Malgré l'attractivité financière du secteur privé, les médecins algériens s'accrochent à leur emploi dans le secteur public. La recherche de gains est certes un motif important dans l'élaboration de leur stratégie, néanmoins l'emploi à l'hôpital garantit un revenu, assure une stabilité de l'emploi et contribue à la réalisation des aspirations professionnelles des médecins. En présence d'un secteur privé plus rémunérateur, l'offre de travail des médecins va obéir à des stratégies de façonnage des activités en arbitrant entre un secteur public contraint par une quantité de travail connue et fixe et un secteur privé où l'offre de travail est très élastique. L'arbitrage entre ces deux emplois va déterminer la quantité de travail effectuée et, partant, les revenus des médecins en double activité.

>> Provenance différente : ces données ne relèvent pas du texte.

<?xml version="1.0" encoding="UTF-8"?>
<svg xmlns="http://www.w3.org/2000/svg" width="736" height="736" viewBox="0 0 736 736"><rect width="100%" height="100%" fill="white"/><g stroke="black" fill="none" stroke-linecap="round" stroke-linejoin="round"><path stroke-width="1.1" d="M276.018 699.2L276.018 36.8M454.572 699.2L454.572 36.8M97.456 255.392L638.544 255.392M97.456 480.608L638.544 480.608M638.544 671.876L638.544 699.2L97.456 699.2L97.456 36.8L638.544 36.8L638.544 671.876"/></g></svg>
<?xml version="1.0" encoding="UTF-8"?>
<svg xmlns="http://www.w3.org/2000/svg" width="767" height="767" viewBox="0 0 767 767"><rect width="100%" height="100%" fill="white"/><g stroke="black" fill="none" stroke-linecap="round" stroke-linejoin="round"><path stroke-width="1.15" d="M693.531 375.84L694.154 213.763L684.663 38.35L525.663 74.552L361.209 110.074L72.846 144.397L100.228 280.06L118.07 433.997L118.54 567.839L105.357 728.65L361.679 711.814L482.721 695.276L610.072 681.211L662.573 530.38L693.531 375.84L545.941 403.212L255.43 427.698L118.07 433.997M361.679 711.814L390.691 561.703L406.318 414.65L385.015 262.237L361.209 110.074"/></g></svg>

En Algérie, l'attrait du secteur public est un contrepoint qui reste encore efficace. Il s'agit alors non pas d'interdire ou de laisser libre la double activité, mais de l'encadrer. S'il est démontré qu'il y a abus, ce qu'il faut encore prouver, un contrôle plus strict de l'activité publique à assurer peut être un élément de régulation. Même si le différentiel de rémunération est un moteur essentiel de la double activité, aligner les salaires des médecins de l'hôpital avec ceux du privé semble être une solution difficile à mettre en œuvre aujourd'hui dans le contexte algérien. Certes, les motivations financières des médecins sont fortes, mais d'autres arguments peuvent peser pour un fonctionnement plus efficace et équitable du secteur public. Le niveau des équipements techniques peut en être un : il est peut-être alors plus réalisable et pertinent d'améliorer les plateaux techniques publics plutôt que d'augmenter les salaires des médecins publics. Quant au développement d'un système de santé à deux vitesses principalement assis sur un écrémage financier ou social, il est un risque important lié au fonctionnement actuel de la double activité.
Il est impératif de mieux connaître la double activité afin de mettre en place des politiques de régulation adéquates : collecter des données objectives sur le temps de travail public et privé des médecins, sur les caractéristiques socioéconomiques des patients du secteur privé, conduire des enquêtes qualitatives sur les motivations des médecins publics qu'ils soient ou pas en double activité.
Nous ne minimisons pas la difficulté de telles études dans un système de santé où les données disponibles sur l'activité médicale ne sont pas bien fournies. Une meilleure connaissance de la double activité nous semble pourtant de toute importance à l'heure où le pan privé du système de santé se développe et où des politiques pertinentes seraient à mettre en œuvre pour maintenir un service public de qualité et accessible.